Bone Growth and Repair Notes

Review of Bone Structure and Remodeling

  • Histology of Compact and Spongy Bone:

    • Compact bone: Dense, forms the outer layer, provides strength and support.

    • Spongy bone: Lighter, contains trabecular structure, found at the ends of long bones and in the interior of others.

  • Chemical Composition of Bone:

    • Organic components: Collagen fibers (provide flexibility and tensile strength), proteins.

    • Inorganic components: Hydroxyapatite (calcium phosphate crystals, provide rigidity and strength).

    • Advantages: The combination provides a strong yet lightweight structure that is essential for function and movement.

  • Osteoblasts, Osteocytes, Osteoclasts:

    • Osteoblasts: Bone-forming cells; found on the bone's surface; function in bone formation and mineralization.

    • Osteocytes: Mature osteoblasts that maintain bone; located within bone matrices.

    • Osteoclasts: Bone-resorbing cells; responsible for bone breakdown; found in areas of bone remodeling.

  • Hormonal Regulation of Bone Remodeling:

    • Hormones (like parathyroid hormone and calcitonin) regulate activity in osteoblasts and osteoclasts, influencing bone density and strength according to physical stress.

Bone Development

  • Ossification (Osteogenesis):

    • Process of bone tissue formation.

    • Begins in the second month of fetal development; replaces fibrous membranes and hyaline cartilage with bone.

    • Continues until early adulthood.

Intramembranous Ossification

  • Bone formation from fibrous membranes (no cartilage).

    • Commonly results in formation of the skull and clavicle.

  1. Development of Ossification Centre:

    • Osteoblasts secrete organic extracellular matrix.

  2. Calcification:

    • Calcium and minerals deposited; extracellular matrix hardens.

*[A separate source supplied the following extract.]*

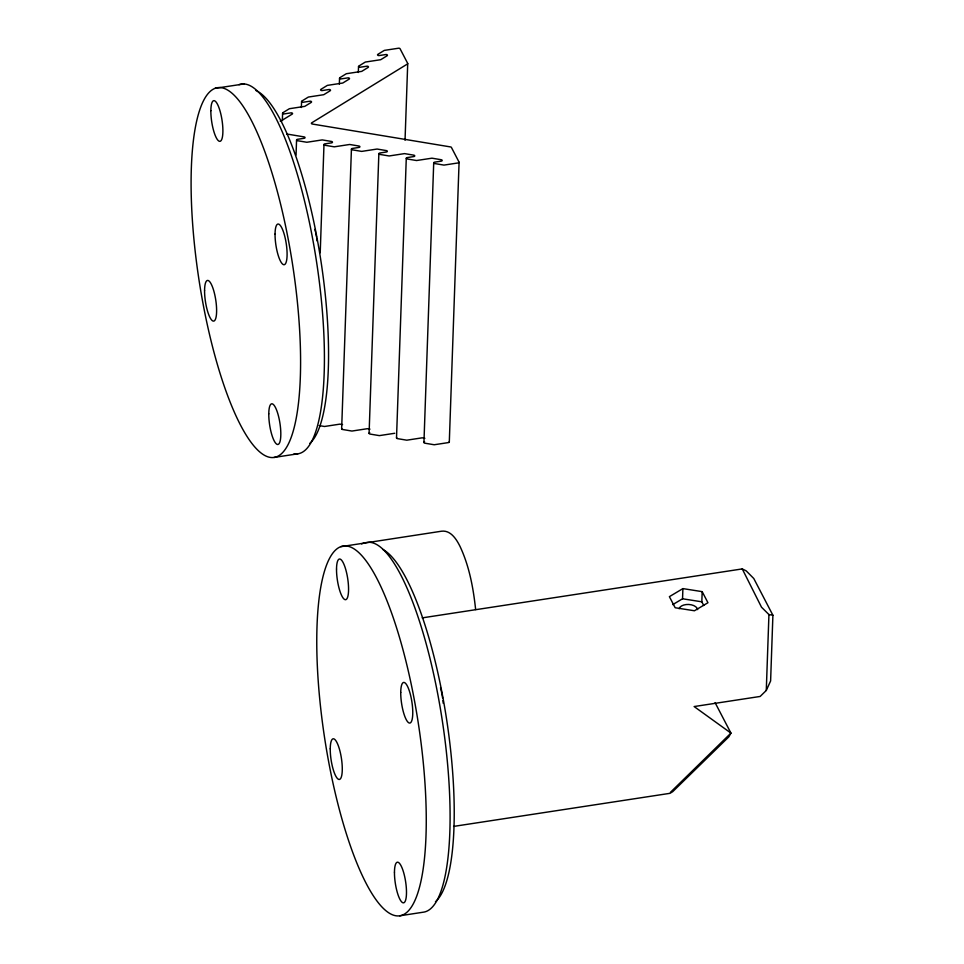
<?xml version="1.0" encoding="UTF-8"?>
<svg xmlns="http://www.w3.org/2000/svg" width="964" height="964" viewBox="0 0 964 964"><rect width="100%" height="100%" fill="white"/><g stroke="black" fill="none" stroke-linecap="round" stroke-linejoin="round"><path stroke-width="1.45" d="M282.344 120.657L282.597 113.137M296.044 154.987L296.563 139.949M301.37 107.486L301.587 101.473M320.217 252.761L323.988 144.516M339.34 84.157L339.545 78.144M341.654 428.739L351.426 149.083M358.319 72.493L358.536 66.48M369.092 433.306L378.852 153.65M405.037 140.274L407.712 63.588M396.517 437.873L406.278 158.217M423.943 442.44L433.716 162.783M449.308 441.922L459.081 162.265M672.727 604.633L682.548 598.777L682.898 588.606L702.178 591.643L707.95 602.729L694.442 610.766L675.161 607.742L669.39 596.656L682.898 588.606M703.744 605.5L701.828 601.813L702.178 591.643M766.284 690.453L768.935 614.562L761.5 607.187L742.256 568.917L746.184 570.857L753.788 578.521L772.899 615.249L770.61 680.97L766.284 690.453L760.15 696.454L694.128 706.552L730.941 733.098L728.868 736.809L672.715 791.661L670.004 793.324L453.598 826.413M670.402 792.372L730.941 733.098L715.083 702.636M361.512 543.877L364.115 543.057M215.165 88.326L244 83.94M394.758 433.27L379.358 435.62L370.031 434.065A1.241 0.723 2 0 1 369.766 432.716M274.041 457.442A187.016 47.417 81.3 0 0 272.354 174.123A187.016 47.417 81.3 0 0 191.101 186.136A187.016 47.417 81.3 0 0 274.041 457.442L297.888 453.803M340.834 546.684L441.608 531.2C450.766 530.055 456.526 539.382 460.033 546.431C469.311 566.193 473.324 588.004 475.638 609.573M422.196 617.876L742.256 568.917M399.723 915.8A187.016 47.417 81.3 0 0 398.024 632.48A187.016 47.417 81.3 0 0 316.77 644.494A187.016 47.417 81.3 0 0 399.723 915.8L423.57 912.149A187.016 47.417 81.3 0 0 441.488 715.421A187.016 47.417 81.3 0 0 364.681 543.033M682.548 598.777L701.828 601.813M342.569 424.57L339.906 424.136L324.507 426.486L319.168 425.594M369.995 429.137L367.332 428.703L351.932 431.053L342.606 429.498A1.241 0.723 2 0 1 341.762 428.498M424.859 438.271L422.196 437.825L406.796 440.187L397.457 438.632A1.241 0.723 2 0 1 396.722 437.523M768.935 614.562L772.899 615.249M679.102 608.718A9.351 5.398 2 0 1 688.73 604.464A9.351 5.398 2 0 1 697.635 609.622M440.512 687.766A23.69 6.001 81.3 0 1 442.597 698.008M442.946 700.647A23.69 6.001 81.3 0 1 443.211 703.262M382.648 549.36A180.786 45.838 81.3 0 1 391.48 556.445L392.42 557.481A180.786 45.838 81.3 0 1 454.092 823.605L453.972 827.57A180.786 45.838 81.3 0 1 435.451 901.738M239 84.675A187.016 47.417 81.3 0 1 316.951 264.449A187.016 47.417 81.3 0 1 294.056 453.767M255.918 90.508A180.786 45.838 81.3 0 1 265.799 98.087L266.751 99.123A180.786 45.838 81.3 0 1 328.423 365.248L328.302 369.212A180.786 45.838 81.3 0 1 309.781 443.38M314.83 229.408A23.69 6.001 81.3 0 1 315.457 231.854M315.734 233.107A23.69 6.001 81.3 0 1 316.505 236.999M316.722 238.325A23.69 6.001 81.3 0 1 317.108 240.976M424.63 441.849A1.241 0.723 2 0 0 424.883 443.199L434.222 444.753L448.429 442.584A1.241 0.723 2 0 0 449.26 441.705M280.235 121.139A3.121 1.795 2 0 0 281.488 120.681L292.261 114.065A1.241 0.723 2 0 0 290.971 112.86L284.211 113.897A1.241 0.723 2 0 1 282.922 112.692L289.381 108.715L304.781 106.365L311.239 102.401A1.241 0.723 2 0 0 309.95 101.196L303.19 102.232A1.241 0.723 2 0 1 301.901 101.027L308.36 97.051L323.759 94.701L330.218 90.737A1.241 0.723 2 0 0 328.929 89.532L322.169 90.568A1.241 0.723 2 0 1 320.892 89.363L327.35 85.386L342.75 83.037L349.209 79.072A1.241 0.723 2 0 0 347.92 77.867L341.16 78.891A1.241 0.723 2 0 1 339.87 77.698L346.329 73.722L361.729 71.372L368.188 67.396A1.241 0.723 2 0 0 366.898 66.203L360.138 67.227A1.241 0.723 2 0 1 358.849 66.034L365.308 62.058L380.708 59.708L387.167 55.731A1.241 0.723 2 0 0 385.877 54.538L379.117 55.563A1.241 0.723 2 0 1 377.84 54.358L384.058 50.538A1.241 0.723 2 0 1 384.624 50.345L398.506 48.224A1.241 0.723 2 0 1 400.06 48.742L407.664 63.347A1.241 0.723 2 0 1 407.386 64.034L311.709 122.826A1.241 0.723 2 0 0 312.336 124.031L450.525 146.926A1.241 0.723 2 0 1 451.417 147.432L459.021 162.048A1.241 0.723 2 0 1 458.189 162.928L443.982 165.097L434.656 163.543A1.241 0.723 2 0 1 434.595 162.157L441.355 161.121A1.241 0.723 2 0 0 441.283 159.735L431.956 158.18L416.556 160.53L407.23 158.976A1.241 0.723 2 0 1 407.157 157.59L413.918 156.554A1.241 0.723 2 0 0 413.857 155.168L404.531 153.613L389.131 155.963L379.792 154.409A1.241 0.723 2 0 1 379.732 153.023L386.492 151.987A1.241 0.723 2 0 0 386.431 150.601L377.093 149.046L361.693 151.396L352.366 149.842A1.241 0.723 2 0 1 352.306 148.456L359.066 147.42A1.241 0.723 2 0 0 359.006 146.034L349.667 144.48L334.267 146.829L324.94 145.275A1.241 0.723 2 0 1 324.868 143.889L331.64 142.853A1.241 0.723 2 0 0 331.568 141.467L322.241 139.913L306.841 142.262L297.502 140.708A1.241 0.723 2 0 1 297.442 139.322L304.202 138.286A1.241 0.723 2 0 0 304.142 136.9L288.573 134.309A3.121 1.795 2 0 0 286.597 134.358M394.457 872.191A20.569 5.218 81.3 0 0 403.338 902.846A20.569 5.218 81.3 0 0 403.615 872.444A20.569 5.218 81.3 0 0 394.457 872.191M400.735 692.429A20.569 5.218 81.3 0 0 409.616 723.072A20.569 5.218 81.3 0 0 409.893 692.682A20.569 5.218 81.3 0 0 400.735 692.429M336.52 569.049A20.569 5.218 81.3 0 0 345.413 599.704A20.569 5.218 81.3 0 0 345.69 569.302A20.569 5.218 81.3 0 0 336.52 569.049M330.242 748.823A20.569 5.218 81.3 0 0 339.135 779.466A20.569 5.218 81.3 0 0 339.412 749.076A20.569 5.218 81.3 0 0 330.242 748.823M204.573 290.465A20.569 5.218 81.3 0 0 213.466 321.12A20.569 5.218 81.3 0 0 213.743 290.718A20.569 5.218 81.3 0 0 204.573 290.465M210.851 110.691A20.569 5.218 81.3 0 0 219.732 141.346A20.569 5.218 81.3 0 0 220.021 110.944A20.569 5.218 81.3 0 0 210.851 110.691M268.775 413.845A20.569 5.218 81.3 0 0 277.668 444.488A20.569 5.218 81.3 0 0 277.945 414.086A20.569 5.218 81.3 0 0 268.775 413.845M275.053 234.071A20.569 5.218 81.3 0 0 283.946 264.726A20.569 5.218 81.3 0 0 284.223 234.324A20.569 5.218 81.3 0 0 275.053 234.071"/></g></svg>

  3. Formation of Trabeculae:

    • Matrix develops into trabecular structures to form spongy bone.

  4. Development of Periosteum:

    • Mesenchyme develops into the outer periosteum layer.

Endochondral Ossification

  • Bone formation by replacing hyaline cartilage; forms most bones except clavicles and parts of the skull.

  • Begins at the primary ossification centre in the shaft of long bones.

    • Blood vessels change perichondrium into periosteum; mesenchymal cells specialize into osteoblasts.

Postnatal Bone Growth

  • Hormonal Regulation:

    • Growth hormone: Stimulates epiphyseal plate activity, essential for growth during infancy and childhood.

    • Sex hormones: Testosterone and estrogen promote growth spurts and end growth by inducing epiphyseal plate closure.

    • Imbalances can result in abnormal skeletal growth.

  • Growth in Length:

    • Occurs at the ossification zone through division of chondrocytes; replacement of cartilage with bone happens at the bottom of columns.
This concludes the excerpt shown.